- [REQUIRED WORK] Go through the data below and report how many lines contain "settings"; the reply holds only that number.

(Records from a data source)
--- --- ---
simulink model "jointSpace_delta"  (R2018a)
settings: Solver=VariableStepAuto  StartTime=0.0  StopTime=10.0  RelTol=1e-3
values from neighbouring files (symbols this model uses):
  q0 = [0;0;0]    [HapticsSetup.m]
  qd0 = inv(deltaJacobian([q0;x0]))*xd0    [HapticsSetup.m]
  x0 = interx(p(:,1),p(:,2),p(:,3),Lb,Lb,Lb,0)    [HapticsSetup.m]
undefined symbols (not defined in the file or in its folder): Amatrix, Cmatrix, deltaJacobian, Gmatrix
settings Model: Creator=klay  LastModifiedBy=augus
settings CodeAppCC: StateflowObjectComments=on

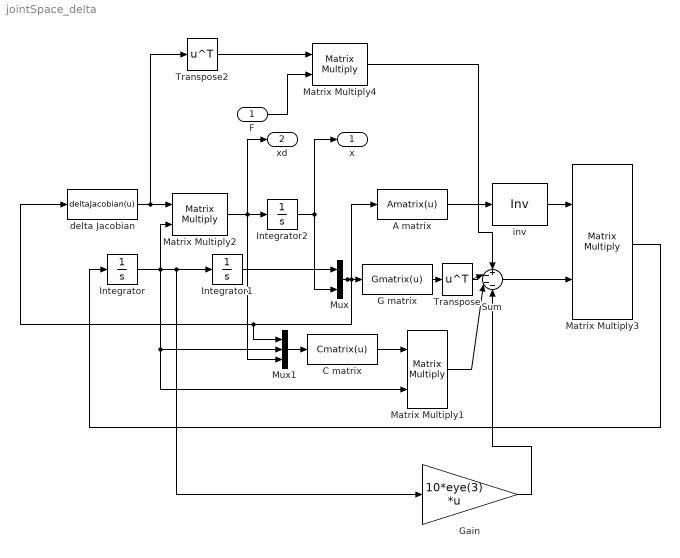
== system jointSpace_delta ==
  F : Inport  PortDimensions=3
  A matrix : MATLABFcn  MATLABFcn=Amatrix(u)  Output1D=off
  C matrix : MATLABFcn  MATLABFcn=Cmatrix(u)  Output1D=off
  G matrix : MATLABFcn  MATLABFcn=Gmatrix(u)  Output1D=off
  Gain : Gain  Gain=10*eye(3)  Multiplication=Matrix(K*u)
  Integrator : Integrator  InitialCondition=qd0
  Integrator1 : Integrator  InitialCondition=q0
  Integrator2 : Integrator  InitialCondition=x0
  Matrix Multiply{1..4} (4 alike) : Product  Multiplication=Matrix(*)
  Mux : Mux  Inputs=2
  Mux1 : Mux  Inputs=3
  Sum : Sum  Inputs=+---
  Transpose : Math  Operator=transpose  SaturateOnIntegerOverflow=on
  Transpose2 : Math  Operator=transpose  SaturateOnIntegerOverflow=on
  delta Jacobian : MATLABFcn  MATLABFcn=deltaJacobian(u)  Output1D=off
  inv : Product  Inputs=/  Multiplication=Matrix(*)
  x : Outport
  xd : Outport  Port=2
  wires:
  Integrator/1 -> Gain/1, Integrator1/1, Matrix Multiply1/2, Mux1/2, Matrix Multiply2/2
  Integrator2/1 -> x/1, Mux/2
  delta Jacobian/1 -> Transpose2/1, Matrix Multiply2/1
  Matrix Multiply2/1 -> Mux1/3, xd/1, Integrator2/1
  Mux/1 -> Mux1/1, delta Jacobian/1, A matrix/1, G matrix/1
  Integrator1/1 -> Mux/1
  Mux1/1 -> C matrix/1
  C matrix/1 -> Matrix Multiply1/1
  Matrix Multiply1/1 -> Sum/3
  Sum/1 -> Matrix Multiply3/2
  A matrix/1 -> inv/1
  inv/1 -> Matrix Multiply3/1
  Matrix Multiply3/1 -> Integrator/1
  F/1 -> Matrix Multiply4/2
  Transpose2/1 -> Matrix Multiply4/1
  Matrix Multiply4/1 -> Sum/1
  G matrix/1 -> Transpose/1
  Transpose/1 -> Sum/2
  Gain/1 -> Sum/4
--- --- ---
- [FINAL ANSWER] 3